> _Directions_
Copy out each line containing "ltscale" from the entries below.

> _Data for review_
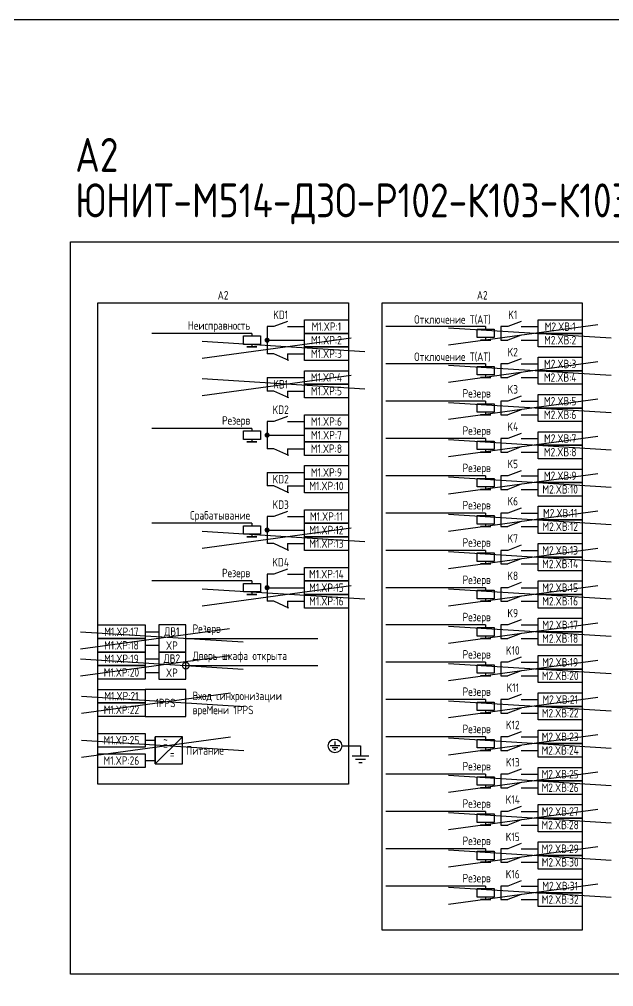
# Model space of a CAD drawing. Header units: millimetres. Extents: x -1117 to 5846, y -90 to 586.
# Drawn here: x 194.9 to 370.3, y 300.7 to 586 of the extents above; entities that cross this region are included whole.
import ezdxf

# ---------------------------------------------------------------- set-up
doc = ezdxf.new("R2010")
doc.units = ezdxf.units.MM
doc.styles.add('Gost_type_A', font='GOST_A.TTF')

# ---------------------------------------------------------------- blocks, each defined once
blk = doc.blocks.new('POINT')
at = {"const_width": 0.75}
blk.add_lwpolyline([(-0.375, 0, 1), (0.375, 0, 1)], format="xyb", close=True, dxfattribs=at)

msp = doc.modelspace()

# ---------------------------------------------------------------- linework, layer by layer
at = {"ltscale": 4.32}
for p, q in [((274.01, 496.86), (270.01, 495.36)), ((343.01, 496.86), (339.01, 495.36)), ((343.01, 492.86), (339.01, 491.36)), ((274.4, 485.36), (270.01, 487.36)), ((343.01, 485.86), (339.01, 484.36)), ((343.01, 481.86), (339.01, 480.36)), ((274.4, 474.36), (270.01, 476.36)), ((343.01, 474.86), (339.01, 473.36)), ((343.01, 470.86), (339.01, 469.36)), ((274.01, 468.86), (270.01, 467.36)), ((343.01, 463.86), (339.01, 462.36)), ((343.01, 459.86), (339.01, 458.36)), ((274.4, 457.36), (270.01, 459.36)), ((343.01, 452.86), (339.01, 451.36)), ((274.4, 446.36), (270.01, 448.36)), ((343.01, 448.86), (339.01, 447.36)), ((274.01, 440.86), (270.01, 439.36)), ((343.01, 441.86), (339.01, 440.36)), ((343.01, 437.86), (339.01, 436.36)), ((274.4, 429.36), (270.01, 431.36)), ((343.01, 430.86), (339.01, 429.36)), ((343.01, 426.86), (339.01, 425.36)), ((274.01, 423.86), (270.01, 422.36)), ((343.01, 419.86), (339.01, 418.36)), ((274.4, 412.36), (270.01, 414.36)), ((343.01, 415.86), (339.01, 414.36)), ((343.01, 408.86), (339.01, 407.36)), ((343.01, 404.86), (339.01, 403.36)), ((343.01, 397.86), (339.01, 396.36)), ((343.01, 393.86), (339.01, 392.36)), ((343.01, 386.86), (339.01, 385.36)), ((343.01, 382.86), (339.01, 381.36)), ((343.01, 375.86), (339.01, 374.36)), ((289.46, 371.68), (286.61, 371.68)), ((288.89, 371.11), (287.18, 371.11)), ((288.04, 372.96), (288.04, 371.68)), ((295.57, 371.68), (295.57, 368.68)), ((343.01, 371.86), (339.01, 370.36)), ((288.32, 370.54), (287.75, 370.54)), ((298.07, 368.68), (293.07, 368.68)), ((297.07, 367.68), (294.07, 367.68)), ((296.07, 366.68), (295.07, 366.68)), ((343.01, 364.86), (339.01, 363.36)), ((343.01, 360.86), (339.01, 359.36)), ((343.01, 353.86), (339.01, 352.36)), ((343.01, 349.86), (339.01, 348.36)), ((343.01, 342.86), (339.01, 341.36)), ((343.01, 338.86), (339.01, 337.36)), ((343.01, 331.86), (339.01, 330.36)), ((343.01, 327.86), (339.01, 326.36))]:
    msp.add_line(p, q, dxfattribs=at)
at = {"ltscale": 1.08}
for p, q in [((270.01, 495.36), (268.01, 495.36)), ((268.01, 495.36), (268.01, 487.36)), ((274.01, 495.36), (279.01, 495.36)), ((339.01, 495.36), (337.01, 495.36)), ((337.01, 495.36), (337.01, 491.36)), ((343.01, 495.36), (348.01, 495.36)), ((268.01, 491.36), (279.01, 491.36)), ((337.01, 491.36), (339.01, 491.36)), ((343.01, 491.36), (348.01, 491.36)), ((270.01, 487.36), (268.01, 487.36)), ((274.01, 487.36), (279.01, 487.36)), ((339.01, 484.36), (337.01, 484.36)), ((337.01, 484.36), (337.01, 480.36)), ((343.01, 484.36), (348.01, 484.36)), ((268.01, 480.36), (279.01, 480.36)), ((337.01, 480.36), (339.01, 480.36)), ((343.01, 480.36), (348.01, 480.36)), ((270.01, 476.36), (268.01, 476.36)), ((274.01, 476.36), (279.01, 476.36)), ((339.01, 473.36), (337.01, 473.36)), ((337.01, 473.36), (337.01, 469.36)), ((343.01, 473.36), (348.01, 473.36)), ((337.01, 469.36), (339.01, 469.36)), ((343.01, 469.36), (348.01, 469.36)), ((270.01, 467.36), (268.01, 467.36)), ((268.01, 467.36), (268.01, 459.36)), ((274.01, 467.36), (279.01, 467.36)), ((268.01, 463.36), (279.01, 463.36)), ((339.01, 462.36), (337.01, 462.36)), ((337.01, 462.36), (337.01, 458.36)), ((343.01, 462.36), (348.01, 462.36)), ((270.01, 459.36), (268.01, 459.36)), ((274.01, 459.36), (279.01, 459.36)), ((337.01, 458.36), (339.01, 458.36)), ((343.01, 458.36), (348.01, 458.36)), ((268.01, 452.36), (279.01, 452.36)), ((339.01, 451.36), (337.01, 451.36)), ((337.01, 451.36), (337.01, 447.36)), ((343.01, 451.36), (348.01, 451.36)), ((270.01, 448.36), (268.01, 448.36)), ((274.01, 448.36), (279.01, 448.36)), ((337.01, 447.36), (339.01, 447.36)), ((343.01, 447.36), (348.01, 447.36)), ((339.01, 440.36), (337.01, 440.36)), ((337.01, 440.36), (337.01, 436.36)), ((343.01, 440.36), (348.01, 440.36)), ((270.01, 439.36), (268.01, 439.36)), ((268.01, 439.36), (268.01, 431.36)), ((274.01, 439.36), (279.01, 439.36)), ((268.01, 435.36), (279.01, 435.36)), ((337.01, 436.36), (339.01, 436.36)), ((343.01, 436.36), (348.01, 436.36)), ((270.01, 431.36), (268.01, 431.36)), ((274.01, 431.36), (279.01, 431.36)), ((339.01, 429.36), (337.01, 429.36)), ((337.01, 429.36), (337.01, 425.36)), ((343.01, 429.36), (348.01, 429.36)), ((337.01, 425.36), (339.01, 425.36)), ((343.01, 425.36), (348.01, 425.36)), ((270.01, 422.36), (268.01, 422.36)), ((268.01, 422.36), (268.01, 414.36)), ((274.01, 422.36), (279.01, 422.36)), ((268.01, 418.36), (279.01, 418.36)), ((339.01, 418.36), (337.01, 418.36)), ((337.01, 418.36), (337.01, 414.36)), ((343.01, 418.36), (348.01, 418.36)), ((270.01, 414.36), (268.01, 414.36)), ((274.01, 414.36), (279.01, 414.36)), ((337.01, 414.36), (339.01, 414.36)), ((343.01, 414.36), (348.01, 414.36)), ((339.01, 407.36), (337.01, 407.36)), ((337.01, 407.36), (337.01, 403.36)), ((343.01, 407.36), (348.01, 407.36)), ((337.01, 403.36), (339.01, 403.36)), ((343.01, 403.36), (348.01, 403.36)), ((339.01, 396.36), (337.01, 396.36)), ((337.01, 396.36), (337.01, 392.36)), ((343.01, 396.36), (348.01, 396.36)), ((337.01, 392.36), (339.01, 392.36)), ((343.01, 392.36), (348.01, 392.36)), ((339.01, 385.36), (337.01, 385.36)), ((337.01, 385.36), (337.01, 381.36)), ((343.01, 385.36), (348.01, 385.36)), ((337.01, 381.36), (339.01, 381.36)), ((343.01, 381.36), (348.01, 381.36)), ((339.01, 374.36), (337.01, 374.36)), ((337.01, 374.36), (337.01, 370.36)), ((343.01, 374.36), (348.01, 374.36)), ((337.01, 370.36), (339.01, 370.36)), ((343.01, 370.36), (348.01, 370.36)), ((339.01, 363.36), (337.01, 363.36)), ((337.01, 363.36), (337.01, 359.36)), ((343.01, 363.36), (348.01, 363.36)), ((337.01, 359.36), (339.01, 359.36)), ((343.01, 359.36), (348.01, 359.36)), ((339.01, 352.36), (337.01, 352.36)), ((337.01, 352.36), (337.01, 348.36)), ((343.01, 352.36), (348.01, 352.36)), ((337.01, 348.36), (339.01, 348.36)), ((343.01, 348.36), (348.01, 348.36)), ((339.01, 341.36), (337.01, 341.36)), ((337.01, 341.36), (337.01, 337.36)), ((343.01, 341.36), (348.01, 341.36)), ((337.01, 337.36), (339.01, 337.36)), ((343.01, 337.36), (348.01, 337.36)), ((339.01, 330.36), (337.01, 330.36)), ((337.01, 330.36), (337.01, 326.36)), ((343.01, 330.36), (348.01, 330.36)), ((337.01, 326.36), (339.01, 326.36)), ((343.01, 326.36), (348.01, 326.36))]:
    msp.add_line(p, q, dxfattribs=at)
for p, q in [((332.51, 495.36), (303.01, 495.36)), ((332.51, 495.36), (332.51, 494.61)), ((263.51, 493.36), (234.01, 493.36)), ((263.51, 493.36), (263.51, 492.61)), ((332.51, 492.11), (332.51, 491.36)), ((263.51, 490.11), (263.51, 489.36)), ((274.01, 487.36), (274.01, 485.36)), ((332.51, 484.36), (303.01, 484.36)), ((332.51, 484.36), (332.51, 483.61)), ((268.01, 480.36), (268.01, 476.36)), ((332.51, 481.11), (332.51, 480.36)), ((274.01, 476.36), (274.01, 474.36)), ((332.51, 473.36), (303.01, 473.36)), ((332.51, 473.36), (332.51, 472.61)), ((332.51, 470.11), (332.51, 469.36)), ((263.51, 465.36), (234.01, 465.36)), ((263.51, 465.36), (263.51, 464.61)), ((332.51, 462.36), (303.01, 462.36)), ((332.51, 462.36), (332.51, 461.61)), ((263.51, 462.11), (263.51, 461.36)), ((274.01, 459.36), (274.01, 457.36)), ((332.51, 459.11), (332.51, 458.36)), ((268.01, 452.36), (268.01, 448.36)), ((332.51, 451.36), (303.01, 451.36)), ((332.51, 451.36), (332.51, 450.61)), ((274.01, 448.36), (274.01, 446.36)), ((332.51, 448.11), (332.51, 447.36)), ((332.51, 440.36), (303.01, 440.36)), ((332.51, 440.36), (332.51, 439.61)), ((263.51, 437.36), (234.01, 437.36)), ((263.51, 437.36), (263.51, 436.61)), ((332.51, 437.11), (332.51, 436.36)), ((263.51, 434.11), (263.51, 433.36)), ((274.01, 431.36), (274.01, 429.36)), ((332.51, 429.36), (303.01, 429.36)), ((332.51, 429.36), (332.51, 428.61)), ((332.51, 426.11), (332.51, 425.36)), ((263.51, 420.36), (234.01, 420.36)), ((263.51, 420.36), (263.51, 419.61)), ((263.51, 417.11), (263.51, 416.36)), ((332.51, 418.36), (303.01, 418.36)), ((332.51, 418.36), (332.51, 417.61)), ((274.01, 414.36), (274.01, 412.36)), ((332.51, 415.11), (332.51, 414.36)), ((232.01, 405.36), (236.01, 405.36)), ((332.51, 407.36), (303.01, 407.36)), ((332.51, 407.36), (332.51, 406.61)), ((244.01, 403.36), (283.01, 403.36)), ((332.51, 404.11), (332.51, 403.36)), ((232.01, 401.36), (236.01, 401.36)), ((232.01, 397.36), (236.01, 397.36)), ((244.01, 395.36), (283.01, 395.36)), ((332.51, 396.36), (303.01, 396.36)), ((332.51, 396.36), (332.51, 395.61)), ((232.01, 393.36), (236.01, 393.36)), ((332.51, 393.11), (332.51, 392.36)), ((332.51, 385.36), (303.01, 385.36)), ((332.51, 385.36), (332.51, 384.61)), ((332.51, 382.11), (332.51, 381.36)), ((235.01, 366.36), (235.01, 374.36)), ((235.01, 366.36), (243.01, 374.36)), ((332.51, 374.36), (303.01, 374.36)), ((332.51, 374.36), (332.51, 373.61)), ((290.06, 371.68), (295.57, 371.68)), ((332.51, 371.11), (332.51, 370.36)), ((332.51, 363.36), (303.01, 363.36)), ((332.51, 363.36), (332.51, 362.61)), ((332.51, 360.11), (332.51, 359.36)), ((332.51, 352.36), (303.01, 352.36)), ((332.51, 352.36), (332.51, 351.61)), ((332.51, 349.11), (332.51, 348.36)), ((332.51, 341.36), (303.01, 341.36)), ((332.51, 341.36), (332.51, 340.61)), ((332.51, 338.11), (332.51, 337.36)), ((332.51, 330.36), (303.01, 330.36)), ((332.51, 330.36), (332.51, 329.61)), ((332.51, 327.11), (332.51, 326.36))]:
    msp.add_line(p, q)
at = {"color": 6}
for p, q in [((321.58, 490.03), (365.58, 496.03)), ((321.58, 495.03), (369.58, 492.03)), ((248.81, 486.03), (292.81, 492.03)), ((248.81, 491.03), (296.81, 488.03)), ((321.58, 479.03), (365.58, 485.03)), ((321.58, 484.03), (369.58, 481.03)), ((248.81, 475.03), (292.81, 481.03)), ((248.81, 480.03), (296.81, 477.03)), ((248.81, 430.03), (292.81, 436.03)), ((248.81, 435.03), (296.81, 432.03)), ((248.81, 413.03), (292.81, 419.03)), ((248.81, 418.03), (296.81, 415.03)), ((213.18, 368.36), (257.18, 374.36)), ((213.18, 373.36), (261.18, 370.36))]:
    msp.add_line(p, q, dxfattribs=at)
at = {"color": 3}
for p, q in [((321.58, 468.03), (365.58, 474.03)), ((321.58, 473.03), (369.58, 470.03)), ((321.58, 457.03), (365.58, 463.03)), ((321.58, 462.03), (369.58, 459.03)), ((321.58, 446.03), (365.58, 452.03)), ((321.58, 451.03), (369.58, 448.03)), ((321.58, 435.03), (365.58, 441.03)), ((321.58, 440.03), (369.58, 437.03)), ((321.58, 424.03), (365.58, 430.03)), ((321.58, 429.03), (369.58, 426.03)), ((321.58, 413.03), (365.58, 419.03)), ((321.58, 418.03), (369.58, 415.03)), ((321.58, 402.03), (365.58, 408.03)), ((212.94, 400.36), (256.94, 406.36)), ((212.94, 405.36), (260.94, 402.36)), ((321.58, 407.03), (369.58, 404.03)), ((212.94, 392.36), (256.94, 398.36)), ((212.94, 397.36), (260.94, 394.36)), ((321.58, 391.03), (365.58, 397.03)), ((321.58, 396.03), (369.58, 393.03)), ((213.18, 381.36), (257.18, 387.36)), ((213.18, 386.36), (261.18, 383.36)), ((321.58, 380.03), (365.58, 386.03)), ((321.58, 385.03), (369.58, 382.03)), ((321.58, 369.03), (365.58, 375.03)), ((321.58, 374.03), (369.58, 371.03)), ((321.58, 358.03), (365.58, 364.03)), ((321.58, 363.03), (369.58, 360.03)), ((321.58, 347.03), (365.58, 353.03)), ((321.58, 352.03), (369.58, 349.03)), ((321.58, 336.03), (365.58, 342.03)), ((321.58, 341.03), (369.58, 338.03)), ((321.58, 325.03), (365.58, 331.03)), ((321.58, 330.03), (369.58, 327.03))]:
    msp.add_line(p, q, dxfattribs=at)
at = {"ltscale": 4}
for p, q in [((232.01, 373.36), (235.01, 373.36)), ((232.01, 367.36), (235.01, 367.36))]:
    msp.add_line(p, q, dxfattribs=at)
for points in [[(-1117.42, 586), (5845.64, 586), (5845.64, -90), (-1117.42, -90)], [(210, 520.36), (980.33, 520.36), (980.33, 304.36), (210, 304.36)], [(218.01, 502.36), (292.01, 502.36), (292.01, 360.36), (218.01, 360.36)], [(302.01, 502.36), (361.01, 502.36), (361.01, 317.36), (302.01, 317.36)], [(279.01, 497.36), (292.01, 497.36), (292.01, 493.36), (279.01, 493.36)], [(348.01, 497.36), (361.01, 497.36), (361.01, 493.36), (348.01, 493.36)], [(335.01, 494.61), (335.01, 492.11), (330.01, 492.11), (330.01, 494.61)], [(266.01, 492.61), (266.01, 490.11), (261.01, 490.11), (261.01, 492.61)], [(279.01, 493.36), (292.01, 493.36), (292.01, 489.36), (279.01, 489.36)], [(334.01, 491.36), (331.01, 491.36)], [(348.01, 493.36), (361.01, 493.36), (361.01, 489.36), (348.01, 489.36)], [(265.01, 489.36), (262.01, 489.36)], [(279.01, 489.36), (292.01, 489.36), (292.01, 485.36), (279.01, 485.36)], [(348.01, 486.36), (361.01, 486.36), (361.01, 482.36), (348.01, 482.36)], [(279.01, 482.36), (292.01, 482.36), (292.01, 478.36), (279.01, 478.36)], [(335.01, 483.61), (335.01, 481.11), (330.01, 481.11), (330.01, 483.61)], [(348.01, 482.36), (361.01, 482.36), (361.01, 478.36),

> _Exercise result_
at = {"ltscale": 4.32}
at = {"ltscale": 1.08}
at = {"ltscale": 4}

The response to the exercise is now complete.